Successful organizations go beyond just establishing a mission, vision, and core values — they build and maintain a workplace culture that embodies these principles.
Company culture exists whether an organization is intentional about it or not. Through everyday interactions, processes, and procedures, cultural norms take root. HR leaders play a role in ensuring the organization’s behavior synergizes with the culture vision.
Catherine Mattice, founder and CEO of Civility Partners in San Diego, will present ways to establish an organizationally aligned workplace culture on March 25 at SHRM Talent 2025. The session is open to registered in-person attendees in Nashville as well as registered remote attendees.
Mattice briefly discussed her upcoming session with SHRM.
SHRM: What are the various forces that make up workplace culture?
Mattice: Workplace culture is made up of three forces: the behavior of each individual at all levels, the behavior of the organization, and the behavior of the leadership team.
Individual behavior is about how people act on a daily basis.
Organizational behavior is about processes, systems, and accountability measures, such as the performance management system, recruiting process, compensation procedures, and rewards.
Leadership team behavior is about the top group in leadership and their willingness to provide resources towards the culture and hold people accountable to the right behaviors, as well as their communication and transparency with the workforce.
When all three of these things are aligned, or in synergy, the organization has an engaged and productive workforce that has a positive impact on the bottom line. When they’re out of synergy, the organization sees a toxic workplace due to mixed messaging and ambiguous information from the organization.
SHRM Members-Only Content: How to Build a Strong Organizational CultureSHRM: What is one top strategy for aligning an organization’s behavior with its culture vision?
Mattice: An easy-to-do action item is to pick a concept or initiative and review it based on these three forces.
If you’re focused on creating a culture of innovation, for example, then you must consider:
- How you are both influencing and hindering innovation. Facilitating innovation would include training programs around problem-solving, collaboration, psychological safety, and using the available tech tools to be innovative. Hindering innovation would be allowing toxic behavior that harms the ability for people to learn and share their ideas.

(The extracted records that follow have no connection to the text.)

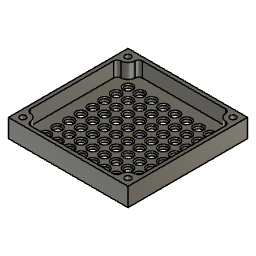
LED MATRIX GRILL (Autodesk Fusion 360 design; units mm, degrees)
Autodesk Fusion 360 part; units mm, degrees
sketch "Sketch1" plane through (0, 0, 0) normal (0, 0, 1) x (1, 0, 0)
  line L0 (32.4, 32.4) -> (-32.4, 32.4)
  line L1 (-32.4, 32.4) -> (-32.4, -32.4)
  line L2 (-32.4, -32.4) -> (32.4, -32.4)
  line L3 (32.4, -32.4) -> (32.4, 32.4)
  line L4 (32.4, 32.4) -> (-32.4, -32.4) construction
  line L5 (-32.4, 32.4) -> (32.4, -32.4) construction
  line L6 (28.5, -28.5) -> (-28.5, -28.5)
  line L7 (-28.5, -28.5) -> (-28.5, 28.5)
  line L8 (-28.5, 28.5) -> (28.5, 28.5)
  line L9 (28.5, 28.5) -> (28.5, -28.5)
  line L10 (28.5, -28.5) -> (-28.5, 28.5) construction
  circle A0 centre (28.5, 28.5) radius 1.6
  circle A1 centre (-28.5, 28.5) radius 1.6
  circle A2 centre (-28.5, -28.5) radius 1.6
  circle A3 centre (28.5, -28.5) radius 1.6
  line L11 (25.6, 25.6) -> (-25.6, 25.6)
  line L12 (-25.6, 25.6) -> (-25.6, -25.6)
  line L13 (-25.6, -25.6) -> (25.6, -25.6)
  line L14 (25.6, -25.6) -> (25.6, 25.6)
  line L15 (25.6, 25.6) -> (-25.6, -25.6) construction
  line L16 (-25.6, 25.6) -> (25.6, -25.6) construction
  line L17 (22.2, 22.2) -> (-22.2, -22.2) construction
  line L18 (-22.2, 22.2) -> (22.2, -22.2) construction
  line L19 (15.9, 15.9) -> (-15.9, -15.9) construction
  line L20 (-15.9, 15.9) -> (15.9, -15.9) construction
  line L21 (22.3, 22.3) -> (-22.3, 22.3)
  line L22 (-22.3, 22.3) -> (-22.3, -22.3)
  line L23 (-22.3, -22.3) -> (22.3, -22.3)
  line L24 (22.3, -22.3) -> (22.3, 22.3)
  line L25 (22.3, 22.3) -> (-22.3, -22.3) construction
  line L26 (-22.3, 22.3) -> (22.3, -22.3) construction
  line L27 (-22.3, 22.3) -> (-15.9286, 22.3)
  line L28 (-15.9286, 22.3) -> (-15.9286, -22.3)
  line L29 (-15.9286, -22.3) -> (-22.3, -22.3)
  line L30 (-22.3, -22.3) -> (-22.3, 22.3)
  line L31 (-15.9286, 22.3) -> (-9.5571, 22.3)
  line L32 (-9.5571, 22.3) -> (-9.5571, -22.3)
  line L33 (-9.5571, -22.3) -> (-15.9286, -22.3)
  line L34 (-15.9286, -22.3) -> (-15.9286, 22.3)
  line L35 (-9.5571, 22.3) -> (-3.1857, 22.3)
  line L36 (-3.1857, 22.3) -> (-3.1857, -22.3)
  line L37 (-3.1857, -22.3) -> (-9.5571, -22.3)
  line L38 (-9.5571, -22.3) -> (-9.5571, 22.3)
  line L39 (-3.1857, 22.3) -> (3.1857, 22.3)
  line L40 (3.1857, 22.3) -> (3.1857, -22.3)
  line L41 (3.1857, -22.3) -> (-3.1857, -22.3)
  line L42 (-3.1857, -22.3) -> (-3.1857, 22.3)
  line L43 (3.1857, 22.3) -> (9.5571, 22.3)
  line L44 (9.5571, 22.3) -> (9.5571, -22.3)
  line L45 (9.5571, -22.3) -> (3.1857, -22.3)
  line L46 (3.1857, -22.3) -> (3.1857, 22.3)
  line L47 (9.5571, 22.3) -> (15.9286, 22.3)
  line L48 (15.9286, 22.3) -> (15.9286, -22.3)
  line L49 (15.9286, -22.3) -> (9.5571, -22.3)
  line L50 (9.5571, -22.3) -> (9.5571, 22.3)
  line L51 (22.3, 22.3) -> (-22.3, 22.3)
  line L52 (-22.3, 22.3) -> (-22.3, 15.9286)
  line L53 (-22.3, 15.9286) -> (22.3, 15.9286)
  line L54 (22.3, 15.9286) -> (22.3, 22.3)
  line L55 (-22.3, 15.9286) -> (22.3, 15.9286)
  line L56 (22.3, 15.9286) -> (22.3, 9.5571)
  line L57 (22.3, 9.5571) -> (-22.3, 9.5571)
  line L58 (-22.3, 9.5571) -> (-22.3, 15.9286)
  line L59 (-22.3, 9.5571) -> (22.3, 9.5571)
  line L60 (22.3, 9.5571) -> (22.3, 3.1857)
  line L61 (22.3, 3.1857) -> (-22.3, 3.1857)
  line L62 (-22.3, 3.1857) -> (-22.3, 9.5571)
  line L63 (-22.3, 3.1857) -> (22.3, 3.1857)
  line L64 (22.3, 3.1857) -> (22.3, -3.1857)
  line L65 (22.3, -3.1857) -> (-22.3, -3.1857)
  line L66 (-22.3, -3.1857) -> (-22.3, 3.1857)
  line L67 (-22.3, -3.1857) -> (22.3, -3.1857)
  line L68 (22.3, -3.1857) -> (22.3, -9.5571)
  line L69 (22.3, -9.5571) -> (-22.3, -9.5571)
  line L70 (-22.3, -9.5571) -> (-22.3, -3.1857)
  line L71 (-22.3, -9.5571) -> (22.3, -9.5571)
  line L72 (22.3, -9.5571) -> (22.3, -15.9286)
  line L73 (22.3, -15.9286) -> (-22.3, -15.9286)
  line L74 (-22.3, -15.9286) -> (-22.3, -9.5571)
  circle A4 centre (-22.2, 22.2) radius 2
  circle A5 centre (-15.9286, 22.3) radius 2
  circle A6 centre (-9.5571, 22.3) radius 2
  circle A7 centre (-3.1857, 22.3) radius 2
  circle A8 centre (3.1857, 22.3) radius 2
  circle A9 centre (9.5571, 22.3) radius 2
  circle A10 centre (15.9286, 22.3) radius 2
  circle A11 centre (22.2, 22.2) radius 2
  circle A12 centre (-22.3, 15.9286) radius 2
  circle A13 centre (-15.9286, 15.9286) radius 2
  circle A14 centre (-9.5571, 15.9286) radius 2
  circle A15 centre (-3.1857, 15.9286) radius 2
  circle A16 centre (3.1857, 15.9286) radius 2
  circle A17 centre (9.5571, 15.9286) radius 2
  circle A18 centre (15.9286, 15.9286) radius 2
  circle A19 centre (22.3, 15.9286) radius 2
  circle A20 centre (22.3, 9.5571) radius 2
  circle A21 centre (15.9286, 9.5571) radius 2
  circle A22 centre (9.5571, 9.5571) radius 2
  circle A23 centre (3.1857, 9.5571) radius 2
  circle A24 centre (-3.1857, 9.5571) radius 2
  circle A25 centre (-9.5571, 9.5571) radius 2
  circle A26 centre (-15.9286, 9.5571) radius 2
  circle A27 centre (-22.3, 9.5571) radius 2
  circle A28 centre (-22.3, 3.1857) radius 2
  circle A29 centre (-15.9286, 3.1857) radius 2
  circle A30 centre (-9.5571, 3.1857) radius 2
  circle A31 centre (-3.1857, 3.1857) radius 2
  circle A32 centre (3.1857, 3.1857) radius 2
  circle A33 centre (9.5571, 3.1857) radius 2
  circle A34 centre (15.9286, 3.1857) radius 2
  circle A35 centre (22.3, 3.1857) radius 2
  circle A36 centre (22.3, -3.1857) radius 2
  circle A37 centre (15.9286, -3.1857) radius 2
  circle A38 centre (9.5571, -3.1857) radius 2
  circle A39 centre (3.1857, -3.1857) radius 2
  circle A40 centre (-3.1857, -3.1857) radius 2
  circle A41 centre (-9.5571, -3.1857) radius 2
  circle A42 centre (-15.9286, -3.1857) radius 2
  circle A43 centre (-22.3, -3.1857) radius 2
  circle A44 centre (-22.3, -9.5571) radius 2
  circle A45 centre (-15.9286, -9.5571) radius 2
  circle A46 centre (-9.5571, -9.5571) radius 2
  circle A47 centre (-3.1857, -9.5571) radius 2
  circle A48 centre (3.1857, -9.5571) radius 2
  circle A49 centre (9.5497, -9.5497) radius 2
  circle A50 centre (15.9286, -9.5571) radius 2
  circle A51 centre (22.3, -9.5571) radius 2
  circle A52 centre (-22.3, -15.9286) radius 2
  circle A53 centre (-22.3, -22.3) radius 2
  circle A54 centre (-15.9286, -22.3) radius 2
  circle A55 centre (-15.9286, -15.9286) radius 2
  circle A56 centre (-9.5571, -15.9286) radius 2
  circle A57 centre (-9.5571, -22.3) radius 2
  circle A58 centre (-3.1857, -15.9286) radius 2
  circle A59 centre (-3.1857, -22.3) radius 2
  circle A60 centre (3.1857, -15.9286) radius 2
  circle A61 centre (3.1857, -22.3) radius 2
  circle A62 centre (9.5571, -15.9286) radius 2
  circle A63 centre (9.5571, -22.3) radius 2
  circle A64 centre (15.9314, -15.9314) radius 2
  circle A65 centre (15.9286, -22.3) radius 2
  circle A66 centre (22.3, -15.9286) radius 2
  circle A67 centre (22.3, -22.3) radius 2
  dimension "d1" = 64.8
  dimension "d2" = 64.8
  dimension "d3" = 57
  dimension "d4" = 57
  dimension "d5" = 3.2
  dimension "d6" = 3.2
  dimension "d7" = 3.2
  dimension "d8" = 3.2
  dimension "d9" = 51.2
  dimension "d10" = 51.2
  dimension "d11" = 44.4
  dimension "d12" = 44.4
  dimension "d15" = 44.6
  dimension "d16" = 44.6
  dimension "d17" = 6.3714
  dimension "d18" = 44.6
  dimension "d19" = 6.3714
  dimension "d20" = 6.3714
  dimension "d21" = 6.3714
  dimension "d22" = 6.3714
  dimension "d23" = 6.3714
  dimension "d24" = 6.3714
  dimension "d25" = 6.3714
  dimension "d26" = 6.3714
  dimension "d27" = 6.3714
  dimension "d28" = 6.3714
  dimension "d29" = 6.3714
  dimension "d30" = 4
  dimension "d31" = 4
  dimension "d32" = 4
  dimension "d33" = 4
  dimension "d34" = 4
  dimension "d35" = 4
  dimension "d36" = 4
  dimension "d37" = 4
  dimension "d38" = 4
  dimension "d39" = 4
  dimension "d40" = 4
  dimension "d41" = 4
  dimension "d42" = 4
  dimension "d43" = 4
  dimension "d44" = 4
  dimension "d45" = 4
  dimension "d46" = 4
  dimension "d47" = 4
  dimension "d48" = 4
  dimension "d49" = 4
  dimension "d50" = 4
  dimension "d51" = 4
  dimension "d52" = 4
  dimension "d53" = 4
  dimension "d54" = 4
  dimension "d55" = 4
  dimension "d56" = 4
  dimension "d57" = 4
  dimension "d58" = 4
  dimension "d59" = 4
  dimension "d60" = 4
  dimension "d61" = 4
  dimension "d62" = 4
  dimension "d63" = 4
  dimension "d64" = 4
  dimension "d65" = 4
  dimension "d66" = 4
  dimension "d67" = 4
  dimension "d68" = 4
  dimension "d69" = 4
  dimension "d70" = 4
  dimension "d71" = 4
  dimension "d72" = 4
  dimension "d73" = 4
  dimension "d74" = 4
  dimension "d75" = 4
  dimension "d76" = 4
  dimension "d77" = 4
  dimension "d78" = 4
  dimension "d79" = 4
  dimension "d80" = 4
  dimension "d81" = 4
  dimension "d82" = 4
  dimension "d83" = 4
  dimension "d84" = 4
  dimension "d85" = 4
  dimension "d86" = 4
  dimension "d87" = 4
  dimension "d88" = 4
  dimension "d89" = 4
  dimension "d90" = 4
  dimension "d91" = 4
  dimension "d92" = 4
  dimension "d93" = 4
  constraint horizontal L0
  constraint perpendicular L0 L1
  constraint parallel L0 L2
  constraint parallel L1 L3
  constraint coincident L4 origin
  constraint coincident L5 origin
  constraint horizontal L6
  constraint perpendicular L6 L7
  constraint parallel L6 L8
  constraint parallel L7 L9
  constraint coincident L10 origin
  constraint coincident L8.end L9.start
  constraint coincident L7.end L8.start
  constraint coincident L6.end L7.start
  constraint coincident L6.start L9.end
  constraint horizontal L11
  constraint perpendicular L11 L12
  constraint parallel L11 L13
  constraint parallel L12 L14
  constraint coincident L15 origin
  constraint coincident L16 origin
  constraint coincident L17 origin
  constraint coincident L18 origin
  constraint coincident L19 origin
  constraint coincident L20 origin
  constraint horizontal L21
  constraint perpendicular L21 L22
  constraint parallel L21 L23
  constraint parallel L22 L24
  constraint coincident L25 origin
  constraint coincident L26 origin
  constraint horizontal L27
  constraint vertical L28
  constraint horizontal L29
  constraint vertical L30
  constraint horizontal L31
  constraint vertical L32
  constraint horizontal L33
  constraint vertical L34
  constraint horizontal L35
  constraint vertical L36
  constraint horizontal L37
  constraint vertical L38
  constraint horizontal L39
  constraint vertical L40
  constraint horizontal L41
  constraint vertical L42
  constraint horizontal L43
  constraint vertical L44
  constraint horizontal L45
  constraint vertical L46
  constraint horizontal L47
  constraint vertical L48
  constraint horizontal L49
  constraint vertical L50
  constraint horizontal L51
  constraint vertical L52
  constraint horizontal L53
  constraint vertical L54
  constraint horizontal L55
  constraint vertical L56
  constraint horizontal L57
  constraint vertical L58
  constraint horizontal L59
  constraint vertical L60
  constraint horizontal L61
  constraint vertical L62
  constraint horizontal L63
  constraint vertical L64
  constraint horizontal L65
  constraint vertical L66
  constraint horizontal L67
  constraint vertical L68
  constraint horizontal L69
  constraint vertical L70
  constraint horizontal L71
  constraint vertical L72
  constraint horizontal L73
  constraint vertical L74
  constraint coincident L18.start A4.centre
  constraint coincident L27.end L28.start
  constraint coincident L31.end L32.start
  constraint coincident L35.end L36.start
  constraint coincident L39.end L40.start
  constraint coincident L43.end L44.start
  constraint coincident L47.end L48.start
  constraint coincident L17.start A11.centre
  constraint coincident L52.end L53.start
  constraint coincident L28 A13.centre
  constraint coincident L26 A13.centre
  constraint coincident L55 A14.centre
  constraint coincident L32 A14.centre
  constraint coincident L55 A15.centre
  constraint coincident L42 A15.centre
  constraint coincident L40 A16.centre
  constraint coincident L53 A16.centre
  constraint coincident L53 A17.centre
  constraint coincident L50 A17.centre
  constraint coincident L48 A18.centre
  constraint coincident L53 A18.centre
  constraint coincident L53.end L54.start
  constraint coincident L56.end L57.start
  constraint coincident L48 A21.centre
  constraint coincident L57 A21.centre
  constraint coincident L50 A22.centre
  constraint coincident L57 A22.centre
  constraint coincident L46 A23.centre
  constraint coincident L57 A23.centre
  constraint coincident L42 A24.centre
  constraint coincident L59 A24.centre
  constraint coincident L38 A25.centre
  constraint coincident L16 A25.centre
  constraint coincident L57 A26.centre
  constraint coincident L28 A26.centre
  constraint coincident L57.end L58.start
  constraint coincident L61.end L62.start
  constraint coincident L34 A29.centre
  constraint coincident L61 A29.centre
  constraint coincident L32 A30.centre
  constraint coincident L63 A30.centre
  constraint coincident L61 A31.centre
  constraint coincident L42 A31.centre
  constraint coincident L17 A32.centre
  constraint coincident L46 A32.centre
  constraint coincident L61 A33.centre
  constraint coincident L44 A33.centre
  constraint coincident L61 A34.centre
  constraint coincident L48 A34.centre
  constraint coincident L60.end L61.start
  constraint coincident L64.end L65.start
  constraint coincident L48 A37.centre
  constraint coincident L67 A37.centre
  constraint coincident L50 A38.centre
  constraint coincident L65 A38.centre
  constraint coincident L67 A39.centre
  constraint coincident L16 A39.centre
  constraint coincident L65 A40.centre
  constraint coincident L42 A40.centre
  constraint coincident L32 A41.centre
  constraint coincident L65 A41.centre
  constraint coincident L34 A42.centre
  constraint coincident L65 A42.centre
  constraint coincident L65.end L66.start
  constraint coincident L69.end L70.start
  constraint coincident L28 A45.centre
  constraint coincident L71 A45.centre
  constraint coincident L71 A46.centre
  constraint coincident L38 A46.centre
  constraint coincident L42 A47.centre
  constraint coincident L71 A47.centre
  constraint coincident L46 A48.centre
  constraint coincident L71 A48.centre
  constraint coincident L16 A49.centre
  constraint coincident L71 A50.centre
  constraint coincident L48 A50.centre
  constraint coincident L68.end L69.start
  constraint coincident L73.end L74.start
  constraint coincident L22.end L23.start
  constraint coincident L28.end L29.start
  constraint coincident L28 A55.centre
  constraint coincident L73 A55.centre
  constraint coincident L38 A56.centre
  constraint coincident L73 A56.centre
  constraint coincident L32.end L33.start
  constraint coincident L42 A58.centre
  constraint coincident L73 A58.centre
  constraint coincident L36.end L37.start
  constraint coincident L46 A60.centre
  constraint coincident L73 A60.centre
  constraint coincident L40.end L41.start
  constraint coincident L44 A62.centre
  constraint coincident L73 A62.centre
  constraint coincident L44.end L45.start
  constraint coincident L18 A64.centre
  constraint coincident L48.end L49.start
  constraint coincident L72.end L73.start
  constraint coincident L23.end L24.start
  measures "d1" distance of L1.end L2.end
  measures "d2" distance of L0.end L1.end
  measures "d3" distance of L7.end L8.end
  measures "d4" distance of L6.end L7.end
  measures "d5" diameter of A0
  measures "d6" diameter of A1
  measures "d7" diameter of A2
  measures "d8" diameter of A3
  measures "d9" distance of L12.end L13.end
  measures "d10" distance of L11.end L12.end
  measures "d11" distance of L17.end L18.end
  measures "d12" distance of L18.start L17.end
  measures "d15" distance of L22.end L23.end
  measures "d16" distance of L21.end L22.end
  measures "d17" distance of L21.end L27.end
  measures "d18" distance of L21.end L22.end
  measures "d19" distance of L27.end L31.end
  measures "d20" distance of L31.end L35.end
  measures "d21" distance of L35.end L39.end
  measures "d22" distance of L39.end L43.end
  measures "d23" distance of L43.end L47.end
  measures "d24" distance of L21.start L53.end
  measures "d25" distance of L52.end L57.end
  measures "d26" distance of L57.end L61.end
  measures "d27" distance of L61.end L65.end
  measures "d28" distance of L65.end L69.end
  measures "d29" distance of L69.end L73.end
  measures "d30" diameter of A4
  measures "d31" diameter of A5
  measures "d32" diameter of A6
  measures "d33" diameter of A7
  measures "d34" diameter of A8
  measures "d35" diameter of A9
  measures "d36" diameter of A10
  measures "d37" diameter of A11
  measures "d38" diameter of A12
  measures "d39" diameter of A13
  measures "d40" diameter of A14
  measures "d41" diameter of A15
  measures "d42" diameter of A16
  measures "d43" diameter of A17
  measures "d44" diameter of A18
  measures "d45" diameter of A19
  measures "d46" diameter of A20
  measures "d47" diameter of A21
  measures "d48" diameter of A22
  measures "d49" diameter of A23
  measures "d50" diameter of A24
  measures "d51" diameter of A25
  measures "d52" diameter of A26
  measures "d53" diameter of A27
  measures "d54" diameter of A28
  measures "d55" diameter of A29
  measures "d56" diameter of A30
  measures "d57" diameter of A31
  measures "d58" diameter of A32
  measures "d59" diameter of A33
  measures "d60" diameter of A34
  measures "d61" diameter of A35
  measures "d62" diameter of A36
  measures "d63" diameter of A37
  measures "d64" diameter of A38
  measures "d65" diameter of A39
  measures "d66" diameter of A40
  measures "d67" diameter of A41
  measures "d68" diameter of A42
  measures "d69" diameter of A43
  measures "d70" diameter of A44
  measures "d71" diameter of A45
  measures "d72" diameter of A46
  measures "d73" diameter of A47
  measures "d74" diameter of A48
  measures "d75" diameter of A49
  measures "d76" diameter of A50
  measures "d77" diameter of A51
  measures "d78" diameter of A52
  measures "d79" diameter of A53
  measures "d80" diameter of A54
  measures "d81" diameter of A55
  measures "d82" diameter of A56
  measures "d83" diameter of A57
  measures "d84" diameter of A58
  measures "d85" diameter of A59
  measures "d86" diameter of A60
  measures "d87" diameter of A61
  measures "d88" diameter of A62
  measures "d89" diameter of A63
  measures "d90" diameter of A64
  measures "d91" diameter of A65
  measures "d92" diameter of A66
  measures "d93" diameter of A67
extrude "Extrude1" add sketch "Sketch1" along normal blind 2 contours L0 L1 L2 L3 | L6 L7 L8 L9 A0 A1 A2 A3 | L11 L12 L13 L14 | L21 L24 L48 L51 L53 L54 L55 A10 A11 A18 A19 | L21 L44 L47 L48 L50 L51 L53 L55 A9 A10 A17 A18 | L21 L40 L43 L44 L46 L50 L51 L53 L55 A8 A9 A16 A17 | L24 L48 L53 L55 L56 L57 L59 A18 A19 A20 A21 | L44 L48 L50 L53 L55 L57 L59 A17 A18 A21 A22 | L21 L36 L39 L40 L42 L46 L51 L53 L55 A7 A8 A15 A16 | L40 L44 L46 L50 L53 L55 L57 L59 A16 A17 A22 A23 | L24 L48 L57 L59 L60 L61 L63 A20 A21 A34 A35 | L44 L48 L50 L57 L59 L61 L63 A21 A22 A33 A34 | L21 L32 L35 L36 L38 L42 L51 L53 L55 A6 A7 A14 A15 | L36 L40 L42 L46 L53 L55 L57 L59 A15 A16 A23 A24 | L40 L44 L46 L50 L57 L59 L61 L63 A22 A23 A32 A33 | L21 L28 L31 L32 L34 L38 L51 L53 L55 A5 A6 A13 A14 | L32 L36 L38 L42 L53 L55 L57 L59 A14 A15 A24 A25 | L36 L40 L42 L46 L57 L59 L61 L63 A23 A24 A31 A32 | L24 L48 L61 L63 L64 L65 L67 A34 A35 A36 A37 | L44 L48 L50 L61 L63 L65 L67 A33 A34 A37 A38 | L40 L44 L46 L50 L61 L63 L65 L67 A32 A33 A38 A39 | L21 L22 L27 L28 L30 L34 L51 L52 L53 L55 A4 A5 A12 A13 | L28 L32 L34 L38 L53 L55 L57 L59 A13 A14 A25 A26 | L32 L36 L38 L42 L57 L59 L61 L63 A24 A25 A30 A31 | L36 L40 L42 L46 L61 L63 L65 L67 A31 A32 A39 A40 | L24 L48 L65 L67 L68 L69 L71 A36 A37 A50 A51 | L44 L48 L50 L65 L67 L69 L71 A37 A38 A49 A50 | L22 L28 L30 L34 L53 L55 L57 L58 L59 A12 A13 A26 A27 | L28 L32 L34 L38 L57 L59 L61 L63 A25 A26 A29 A30 | L32 L36 L38 L42 L61 L63 L65 L67 A30 A31 A40 A41 | L40 L44 L46 L50 L65 L67 L69 L71 A38 A39 A48 A49 | L36 L40 L42 L46 L65 L67 L69 L71 A39 A40 A47 A48 | L22 L28 L30 L34 L57 L59 L61 L62 L63 A26 A27 A28 A29 | L28 L32 L34 L38 L61 L63 L65 L67 A29 A30 A41 A42 | L24 L48 L69 L71 L72 L73 A50 A51 A64 A66 | L44 L48 L50 L69 L71 L73 A49 A50 A62 A64 | L32 L36 L38 L42 L65 L67 L69 L71 A40 A41 A46 A47 | L40 L44 L46 L50 L69 L71 L73 A48 A49 A60 A62 | L22 L28 L30 L34 L61 L63 L65 L66 L67 A28 A29 A42 A43 | L28 L32 L34 L38 L65 L67 L69 L71 A41 A42 A45 A46 | L36 L40 L42 L46 L69 L71 L73 A47 A48 A58 A60 | L23 L24 L48 L73 A64 A65 A66 A67 | L23 L44 L48 L49 L50 L73 A62 A63 A64 A65 | L32 L36 L38 L42 L69 L71 L73 A46 A47 A56 A58 | L22 L28 L30 L34 L65 L67 L69 L70 L71 A42 A43 A44 A45 | L23 L40 L44 L45 L46 L50 L73 A60 A61 A62 A63 | L28 L32 L34 L38 L69 L71 L73 A45 A46 A55 A56 | L23 L36 L40 L41 L42 L46 L73 A58 A59 A60 A61 | L22 L28 L30 L34 L69 L71 L73 L74 A44 A45 A52 A55 | L23 L32 L36 L37 L38 L42 L73 A56 A57 A58 A59 | L23 L28 L32 L33 L34 L38 L73 A54 A55 A56 A57 | L22 L23 L28 L29 L30 L34 L73 A52 A53 A54 A55
sketch "Sketch2" plane through (0, 0, 2) normal (0, 0, 1) x (-1, 0, 0)
  circle A0 centre (15.9286, 15.9286) radius 2
  circle A1 centre (15.9286, 9.5571) radius 2
  circle A2 centre (15.9286, 3.1857) radius 2
  circle A3 centre (15.9286, -9.5571) radius 2
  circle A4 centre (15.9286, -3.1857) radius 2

- How the organization’s behavior is influencing and hindering innovation. Look at all of your HR processes and determine where they stand. For example, does your performance management system measure people on their ability to be innovative and their ability to create safe spaces for everyone else to be innovative? Do you reward people for these skills, and do you also reward and promote people who don’t have these skills? If it’s the latter, you’re hindering innovation. Also consider auditing risk factors that can harm innovation, such as bureaucracy, a homogenous workforce, or isolated workspaces.
- Whether the leadership team is putting resources towards innovation. If you’re not able to offer the right programs to influence individuals or to hold people accountable to the behavior you seek, then you won’t reach a culture of innovation.
SHRM: What can attendees expect to take away from your session?
Mattice: I am going to walk attendees through these three forces of culture, what they mean, and how to take action on all three forces. We’ll look at case studies with misalignment and discuss how to create alignment. Attendees will walk away with a list of actions they can implement right away to turn around a toxic culture, build on the culture they seek to create, or sustain a great culture they already have in place.